Recorded data
◆ ◆ ◆ ◆ ◆
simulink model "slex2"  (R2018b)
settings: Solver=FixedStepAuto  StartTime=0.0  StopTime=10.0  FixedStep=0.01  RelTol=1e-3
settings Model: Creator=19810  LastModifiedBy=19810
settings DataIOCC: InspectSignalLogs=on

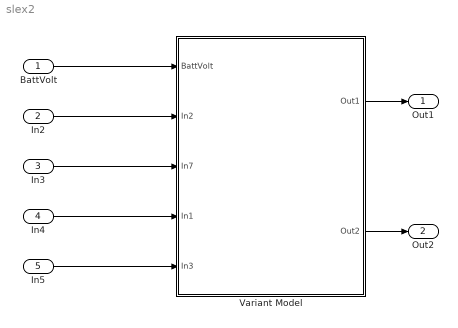
== system slex2 ==
  BattVolt : Inport
  In2 : Inport  Port=2
  In3 : Inport  Port=3
  In4 : Inport  Port=4
  In5 : Inport  Port=5
  Variant Model : Subsystem  Variant=on
  Out1 : Outport
  Out2 : Outport  Port=2
  wires:
  BattVolt/1 -> Variant Model/1("BattVolt ")
  In2/1 -> Variant Model/2(In2)
  In3/1 -> Variant Model/3(In7)
  In4/1 -> Variant Model/4(In1)
  Variant Model/1(Out1) -> Out1/1
  In5/1 -> Variant Model/5(In3)
  Variant Model/2(Out2) -> Out2/1

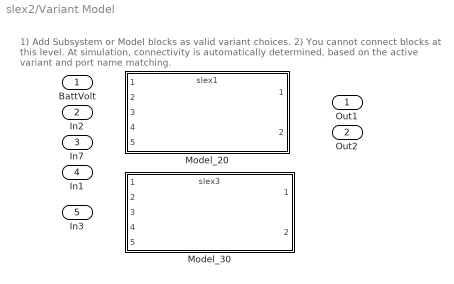
== system slex2/Variant Model ==
  note: 1) Add Subsystem or Model blocks as valid variant choices.
      | 2) You cannot connect blocks at this level. At simulation, connectivity is automatically
      | determined, based on the active variant and port name matching.
  "BattVolt " : Inport
  In2 : Inport  Port=2
  In7 : Inport  Port=3
  In1 : Inport  Port=4
  In3 : Inport  Port=5
  Model_20 : ModelReference  DisableCoverage=on  ModelNameDialog=slex1.slx  VariantControl=k == 1  ModelReferenceVersion=1.15
  Model_30 : ModelReference  ModelNameDialog=slex3.slx  VariantControl=k == 2  ModelReferenceVersion=1.8
  Out1 : Outport
  Out2 : Outport  Port=2
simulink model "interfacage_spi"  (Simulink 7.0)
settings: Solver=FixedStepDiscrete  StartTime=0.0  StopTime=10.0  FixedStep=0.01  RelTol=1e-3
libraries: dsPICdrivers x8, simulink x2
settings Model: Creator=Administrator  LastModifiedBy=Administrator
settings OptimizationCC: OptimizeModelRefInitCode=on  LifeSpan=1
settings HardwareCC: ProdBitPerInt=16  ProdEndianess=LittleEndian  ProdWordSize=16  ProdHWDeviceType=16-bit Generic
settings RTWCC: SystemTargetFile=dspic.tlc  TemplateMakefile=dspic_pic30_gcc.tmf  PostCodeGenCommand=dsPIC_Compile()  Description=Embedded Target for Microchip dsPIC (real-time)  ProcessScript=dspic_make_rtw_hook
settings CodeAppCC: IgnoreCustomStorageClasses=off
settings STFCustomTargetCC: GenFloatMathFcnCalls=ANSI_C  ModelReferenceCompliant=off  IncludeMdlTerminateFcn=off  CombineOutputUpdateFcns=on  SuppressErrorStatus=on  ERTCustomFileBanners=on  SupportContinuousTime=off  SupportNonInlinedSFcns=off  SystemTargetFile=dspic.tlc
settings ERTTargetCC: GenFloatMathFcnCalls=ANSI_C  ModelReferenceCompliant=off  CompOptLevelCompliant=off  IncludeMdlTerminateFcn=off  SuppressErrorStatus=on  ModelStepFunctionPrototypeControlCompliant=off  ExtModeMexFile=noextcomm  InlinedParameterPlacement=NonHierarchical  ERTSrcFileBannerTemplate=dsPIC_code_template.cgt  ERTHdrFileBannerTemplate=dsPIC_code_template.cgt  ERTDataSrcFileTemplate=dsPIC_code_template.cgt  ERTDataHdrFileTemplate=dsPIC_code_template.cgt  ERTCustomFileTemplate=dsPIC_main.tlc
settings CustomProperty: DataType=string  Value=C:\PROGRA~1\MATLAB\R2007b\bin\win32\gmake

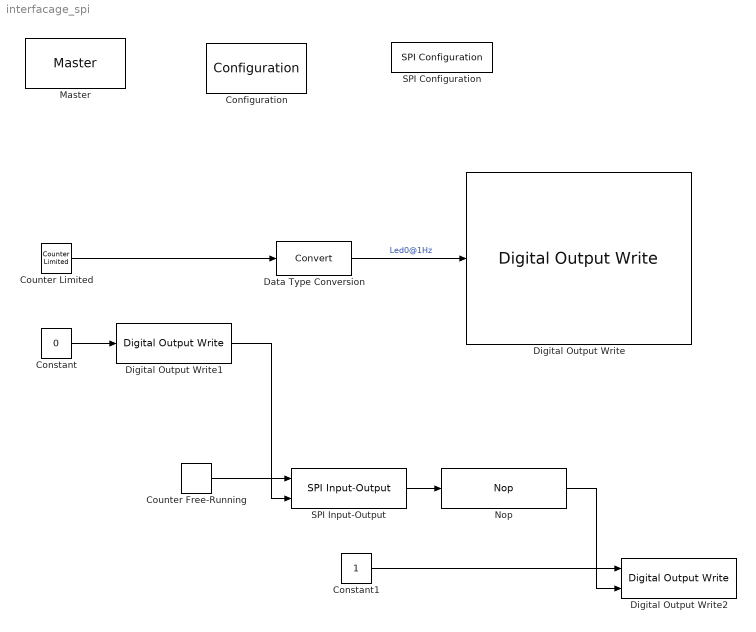
== system interfacage_spi ==
  Configuration : dsPICdrivers/Configuration  SystemSampleTime=-1  double64=on
  Constant : Constant  Value=0  OutDataTypeMode=boolean  OutDataType=sfix(16)  OutScaling=2^0
  Constant1 : Constant  OutDataTypeMode=boolean  OutDataType=sfix(16)  OutScaling=2^0
  Counter Free-Running : simulink/Sources/Counter Free-Running  SystemSampleTime=-1  NumBits=16  tsamp=-1
  Counter Limited : simulink/Sources/Counter Limited  SystemSampleTime=-1  uplimit=1  tsamp=-1
  Data Type Conversion : DataTypeConversion  OutDataTypeMode=boolean  OutDataType=sfix(16)  OutScaling=2^0
  Digital Output Write : dsPICdrivers/Digital I//O/Digital Output Write  Tag=dsPIC_Digital_Output  Priority=5  PORT=A  Pin=[0]  Simultaneous=off  OrderingInOutPopup=None
  Digital Output Write1 : dsPICdrivers/Digital I//O/Digital Output Write  Tag=dsPIC_Digital_Output  Priority=5  PORT=A  Pin=[1]  Simultaneous=off  OrderingInOutPopup=Output
  Digital Output Write2 : dsPICdrivers/Digital I//O/Digital Output Write  Tag=dsPIC_Digital_Output  Priority=5  PORT=A  Pin=[1]  Simultaneous=off  OrderingInOutPopup=Input
  Master : dsPICdrivers/Master  Tag=dsPIC_MASTER  Priority=1  TimeStepType=Timer1  picType=33fJ256GP710  fcy=4000000  Quartz_33f=8e6  PLLActive_33f=off  fcyDesired_33f=0  tmr1="[1  39999  0]"  tmr1Info="Time Step : 0.01  ;   Error : 0%  PR1=39999"  tmr2345="[0  0  0  0  0  0  0  0]"  tmr2345cfg=[-1 -1 -1 -1 -1 -1 -1 -1]  IOautoConf=on  typePort="[ 10  10   0   0   0   0   0   0   0   0   0   0   0   0   0   0   0   0   0   0   0   0   0   0   0   0   0   0   0   0   0   0   0   0   0   0   0   0   0   0   0   0   0   0   0   0   0   0   0   0   0   0   0   0   0   0   0   0   0   0   0   0   0   0   0   0   0   0   0   0   0   0   0   0   0   0   0   0   0   0   0   0   0   0   0   0  17  14  15   0   0   0   0   0   0   0   0   0   0   0   0   0   0   0   0   0   0   0   0   0   0   0 ]"  TRIS="[ 65532  65535  65535  65535  65535  65535  65535 ]"  ADPCFG=0  MasterBusyPort=None  MasterOverloadPort=None  FOSC=Quartz (XT - HS)  TempProtection_33f=TEMP_ON  FPBOR=<empty>  PWRT=disable  MCLR=<empty>  PowerSave=off
  Nop : dsPICdrivers/OTHERS/Nop  Tag=dsPIC_Reset  NbrNop=500
  SPI Configuration : dsPICdrivers/SPI PORT/SPI Configuration  Tag=dsPIC_config_SPI  Priority=2  ConfigurationTime=At boot time (only once)  OrderingInOutPopup=None  SampleTime=-1  Frame_Enable=0  Frame_Sync=None  SPI=1  MODE=MASTER  USER_SCALER=12  StartEnable=Enable  SDO_EN=on  DATA_LENGTH=16 bits  SS_EN=off  SMP=End of bit  CKP=high  CKE=Active to Idle  Status="OK - Mode 0  -    Fsck= 333333.3333Hz"
  SPI Input-Output : dsPICdrivers/SPI PORT/SPI Input-Output  Tag=dsPIC_SPI  SPI=1  INPUT=off  RESET_INPUT=on  OUTPUT=on  SPECIAL_SPI=Always Enable  DATA_LENGTH=16 bits  WAIT_INPUTDATA=off  OrderingInOutPopup=Input & Output  SampleTime=-1
  wires:
  Counter Limited/1 -> Data Type Conversion/1
  Data Type Conversion/1 -> Digital Output Write/1  "Led0@1Hz"
  Counter Free-Running/1 -> SPI Input-Output/1
  Digital Output Write1/1 -> SPI Input-Output/2
  Constant/1 -> Digital Output Write1/1
  Constant1/1 -> Digital Output Write2/1
  SPI Input-Output/1 -> Nop/1
  Nop/1 -> Digital Output Write2/2
◆ ◆ ◆ ◆ ◆
- Exercise goal:
Copy all the entries above exactly as they stand, except for the pictures.

- Problem solution:
simulink model "slex2"  (R2018b)
settings: Solver=FixedStepAuto  StartTime=0.0  StopTime=10.0  FixedStep=0.01  RelTol=1e-3
settings Model: Creator=19810  LastModifiedBy=19810
settings DataIOCC: InspectSignalLogs=on

== system slex2 ==
  BattVolt : Inport
  In2 : Inport  Port=2
  In3 : Inport  Port=3
  In4 : Inport  Port=4
  In5 : Inport  Port=5
  Variant Model : Subsystem  Variant=on
  Out1 : Outport
  Out2 : Outport  Port=2
  wires:
  BattVolt/1 -> Variant Model/1("BattVolt ")
  In2/1 -> Variant Model/2(In2)
  In3/1 -> Variant Model/3(In7)
  In4/1 -> Variant Model/4(In1)
  Variant Model/1(Out1) -> Out1/1
  In5/1 -> Variant Model/5(In3)
  Variant Model/2(Out2) -> Out2/1

== system slex2/Variant Model ==
  note: 1) Add Subsystem or Model blocks as valid variant choices.
      | 2) You cannot connect blocks at this level. At simulation, connectivity is automatically
      | determined, based on the active variant and port name matching.
  "BattVolt " : Inport
  In2 : Inport  Port=2
  In7 : Inport  Port=3
  In1 : Inport  Port=4
  In3 : Inport  Port=5
  Model_20 : ModelReference  DisableCoverage=on  ModelNameDialog=slex1.slx  VariantControl=k == 1  ModelReferenceVersion=1.15
  Model_30 : ModelReference  ModelNameDialog=slex3.slx  VariantControl=k == 2  ModelReferenceVersion=1.8
  Out1 : Outport
  Out2 : Outport  Port=2
simulink model "interfacage_spi"  (Simulink 7.0)
settings: Solver=FixedStepDiscrete  StartTime=0.0  StopTime=10.0  FixedStep=0.01  RelTol=1e-3
libraries: dsPICdrivers x8, simulink x2
settings Model: Creator=Administrator  LastModifiedBy=Administrator
settings OptimizationCC: OptimizeModelRefInitCode=on  LifeSpan=1
settings HardwareCC: ProdBitPerInt=16  ProdEndianess=LittleEndian  ProdWordSize=16  ProdHWDeviceType=16-bit Generic
settings RTWCC: SystemTargetFile=dspic.tlc  TemplateMakefile=dspic_pic30_gcc.tmf  PostCodeGenCommand=dsPIC_Compile()  Description=Embedded Target for Microchip dsPIC (real-time)  ProcessScript=dspic_make_rtw_hook
settings CodeAppCC: IgnoreCustomStorageClasses=off
settings STFCustomTargetCC: GenFloatMathFcnCalls=ANSI_C  ModelReferenceCompliant=off  IncludeMdlTerminateFcn=off  CombineOutputUpdateFcns=on  SuppressErrorStatus=on  ERTCustomFileBanners=on  SupportContinuousTime=off  SupportNonInlinedSFcns=off  SystemTargetFile=dspic.tlc
settings ERTTargetCC: GenFloatMathFcnCalls=ANSI_C  ModelReferenceCompliant=off  CompOptLevelCompliant=off  IncludeMdlTerminateFcn=off  SuppressErrorStatus=on  ModelStepFunctionPrototypeControlCompliant=off  ExtModeMexFile=noextcomm  InlinedParameterPlacement=NonHierarchical  ERTSrcFileBannerTemplate=dsPIC_code_template.cgt  ERTHdrFileBannerTemplate=dsPIC_code_template.cgt  ERTDataSrcFileTemplate=dsPIC_code_template.cgt  ERTDataHdrFileTemplate=dsPIC_code_template.cgt  ERTCustomFileTemplate=dsPIC_main.tlc
settings CustomProperty: DataType=string  Value=C:\PROGRA~1\MATLAB\R2007b\bin\win32\gmake

== system interfacage_spi ==
  Configuration : dsPICdrivers/Configuration  SystemSampleTime=-1  double64=on
  Constant : Constant  Value=0  OutDataTypeMode=boolean  OutDataType=sfix(16)  OutScaling=2^0
  Constant1 : Constant  OutDataTypeMode=boolean  OutDataType=sfix(16)  OutScaling=2^0
  Counter Free-Running : simulink/Sources/Counter Free-Running  SystemSampleTime=-1  NumBits=16  tsamp=-1
  Counter Limited : simulink/Sources/Counter Limited  SystemSampleTime=-1  uplimit=1  tsamp=-1
  Data Type Conversion : DataTypeConversion  OutDataTypeMode=boolean  OutDataType=sfix(16)  OutScaling=2^0
  Digital Output Write : dsPICdrivers/Digital I//O/Digital Output Write  Tag=dsPIC_Digital_Output  Priority=5  PORT=A  Pin=[0]  Simultaneous=off  OrderingInOutPopup=None
  Digital Output Write1 : dsPICdrivers/Digital I//O/Digital Output Write  Tag=dsPIC_Digital_Output  Priority=5  PORT=A  Pin=[1]  Simultaneous=off  OrderingInOutPopup=Output
  Digital Output Write2 : dsPICdrivers/Digital I//O/Digital Output Write  Tag=dsPIC_Digital_Output  Priority=5  PORT=A  Pin=[1]  Simultaneous=off  OrderingInOutPopup=Input
  Master : dsPICdrivers/Master  Tag=dsPIC_MASTER  Priority=1  TimeStepType=Timer1  picType=33fJ256GP710  fcy=4000000  Quartz_33f=8e6  PLLActive_33f=off  fcyDesired_33f=0  tmr1="[1  39999  0]"  tmr1Info="Time Step : 0.01  ;   Error : 0%  PR1=39999"  tmr2345="[0  0  0  0  0  0  0  0]"  tmr2345cfg=[-1 -1 -1 -1 -1 -1 -1 -1]  IOautoConf=on  typePort="[ 10  10   0   0   0   0   0   0   0   0   0   0   0   0   0   0   0   0   0   0   0   0   0   0   0   0   0   0   0   0   0   0   0   0   0   0   0   0   0   0   0   0   0   0   0   0   0   0   0   0   0   0   0   0   0   0   0   0   0   0   0   0   0   0   0   0   0   0   0   0   0   0   0   0   0   0   0   0   0   0   0   0   0   0   0   0  17  14  15   0   0   0   0   0   0   0   0   0   0   0   0   0   0   0   0   0   0   0   0   0   0   0 ]"  TRIS="[ 65532  65535  65535  65535  65535  65535  65535 ]"  ADPCFG=0  MasterBusyPort=None  MasterOverloadPort=None  FOSC=Quartz (XT - HS)  TempProtection_33f=TEMP_ON  FPBOR=<empty>  PWRT=disable  MCLR=<empty>  PowerSave=off
  Nop : dsPICdrivers/OTHERS/Nop  Tag=dsPIC_Reset  NbrNop=500
  SPI Configuration : dsPICdrivers/SPI PORT/SPI Configuration  Tag=dsPIC_config_SPI  Priority=2  ConfigurationTime=At boot time (only once)  OrderingInOutPopup=None  SampleTime=-1  Frame_Enable=0  Frame_Sync=None  SPI=1  MODE=MASTER  USER_SCALER=12  StartEnable=Enable  SDO_EN=on  DATA_LENGTH=16 bits  SS_EN=off  SMP=End of bit  CKP=high  CKE=Active to Idle  Status="OK - Mode 0  -    Fsck= 333333.3333Hz"
  SPI Input-Output : dsPICdrivers/SPI PORT/SPI Input-Output  Tag=dsPIC_SPI  SPI=1  INPUT=off  RESET_INPUT=on  OUTPUT=on  SPECIAL_SPI=Always Enable  DATA_LENGTH=16 bits  WAIT_INPUTDATA=off  OrderingInOutPopup=Input & Output  SampleTime=-1
  wires:
  Counter Limited/1 -> Data Type Conversion/1
  Data Type Conversion/1 -> Digital Output Write/1  "Led0@1Hz"
  Counter Free-Running/1 -> SPI Input-Output/1
  Digital Output Write1/1 -> SPI Input-Output/2
  Constant/1 -> Digital Output Write1/1
  Constant1/1 -> Digital Output Write2/1
  SPI Input-Output/1 -> Nop/1
  Nop/1 -> Digital Output Write2/2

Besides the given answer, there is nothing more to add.